The bill’s central dilemma is trade‑offs between immediate consumer access to lower‑priced medicines and the integrity of U.S. regulatory and supply systems: enabling cross‑border imports can reduce out‑of‑pocket costs but requires ceding some traditional FDA control over manufacture and distribution to foreign systems, while imposing new administrative and compliance burdens that may shrink supplier willingness to sell into importing markets and shift risks to importers and the federal agency charged with oversight.

The bill marshals a complex set of compliance and enforcement tools, but its success depends on operational details the statute leaves to rulemaking. Key unanswered implementation questions include how FDA will verify foreign QA programs at scale (especially for online pharmacies), the laboratory capacity and standards for random chemical authenticity testing, and how FDA will reconcile differing product formulations or excipient profiles that are lawful abroad but differ from FDA‑approved U.S. products.

The statute permits MOUs with foreign regulators to manage supply chain verifications, but reaching meaningful cooperative agreements — particularly on inspection access, recall coordination, and data sharing — is legally and diplomatically complicated.

Market responses also pose practical tensions. Manufacturers may react by tightening foreign supply, changing formulations tied to specific markets, or altering pricing outside the program, which could blunt consumer savings or shift costs elsewhere.

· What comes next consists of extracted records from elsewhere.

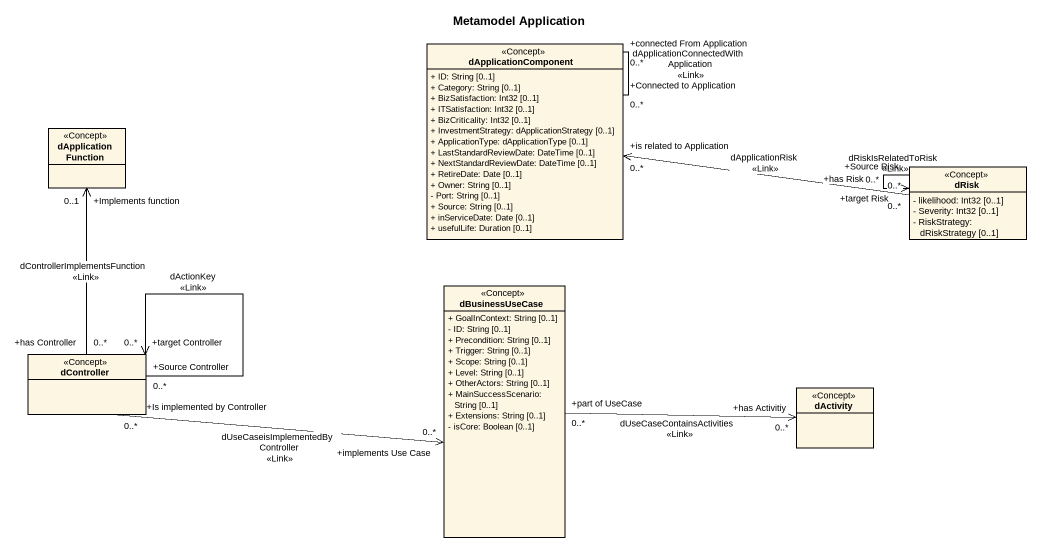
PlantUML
@startuml
title Metamodel Application
hide circle
hide empty members
skinparam classAttributeIconSize 0
class dApplicationComponent <<Concept>> {
  + ID: String [0..1]
  + Category: String [0..1]
  + BizSatisfaction: Int32 [0..1]
  + ITSatisfaction: Int32 [0..1]
  + BizCriticality: Int32 [0..1]
  + InvestmentStrategy: dApplicationStrategy [0..1]
  + ApplicationType: dApplicationType [0..1]
  + LastStandardReviewDate: DateTime [0..1]
  + NextStandardReviewDate: DateTime [0..1]
  + RetireDate: Date [0..1]
  + Owner: String [0..1]
  - Port: String [0..1]
  + Source: String [0..1]
  + inServiceDate: Date [0..1]
  + usefulLife: Duration [0..1]
}
class dApplicationFunction <<Concept>>
class dRisk <<Concept>> {
  - likelihood: Int32 [0..1]
  - Severity: Int32 [0..1]
  - RiskStrategy: dRiskStrategy [0..1]
}
class dBusinessUseCase <<Concept>> {
  + GoalInContext: String [0..1]
  - ID: String [0..1]
  + Precondition: String [0..1]
  + Trigger: String [0..1]
  + Scope: String [0..1]
  + Level: String [0..1]
  + OtherActors: String [0..1]
  + MainSuccessScenario: String [0..1]
  + Extensions: String [0..1]
  - isCore: Boolean [0..1]
}
class dController <<Concept>>
class dActivity <<Concept>>
dApplicationComponent "+Connected to Application\n0..*" -- "+connected From Application\n0..*" dApplicationComponent : dApplicationConnectedWithApplication\n<<Link>>
dRisk "+has Risk\n0..*" -left-> "+is related to Application\n0..*" dApplicationComponent : dApplicationRisk\n<<Link>>
dRisk "+Source Risk\n0..*" --> "+target Risk\n0..*" dRisk : dRiskIsRelatedToRisk\n<<Link>>
dBusinessUseCase "+part of UseCase\n0..*" -right-> "+has Activitiy\n0..*" dActivity : dUseCaseContainsActivities\n<<Link>>
dController "+has Controller\n0..*" -up-> "+Implements function\n0..1" dApplicationFunction : dControllerImplementsFunction\n<<Link>>
dController "+Is implemented by Controller\n0..*" -right-> "+implements Use Case\n0..*" dBusinessUseCase : dUseCaseisImplementedByController\n<<Link>>
dController "+Source Controller\n0..*" --> "+target Controller\n0..*" dController : dActionKey\n<<Link>>
@enduml

The biannual reporting requirement creates transparency but raises questions about proprietary commercial data, international data security, and FDA’s capacity to analyze price and transaction data quickly enough to detect diversion or transshipment. Finally, applying REMS and other risk‑mitigation tools to imported products raises liability and operational questions for importers and prescribers that the rulemaking must resolve.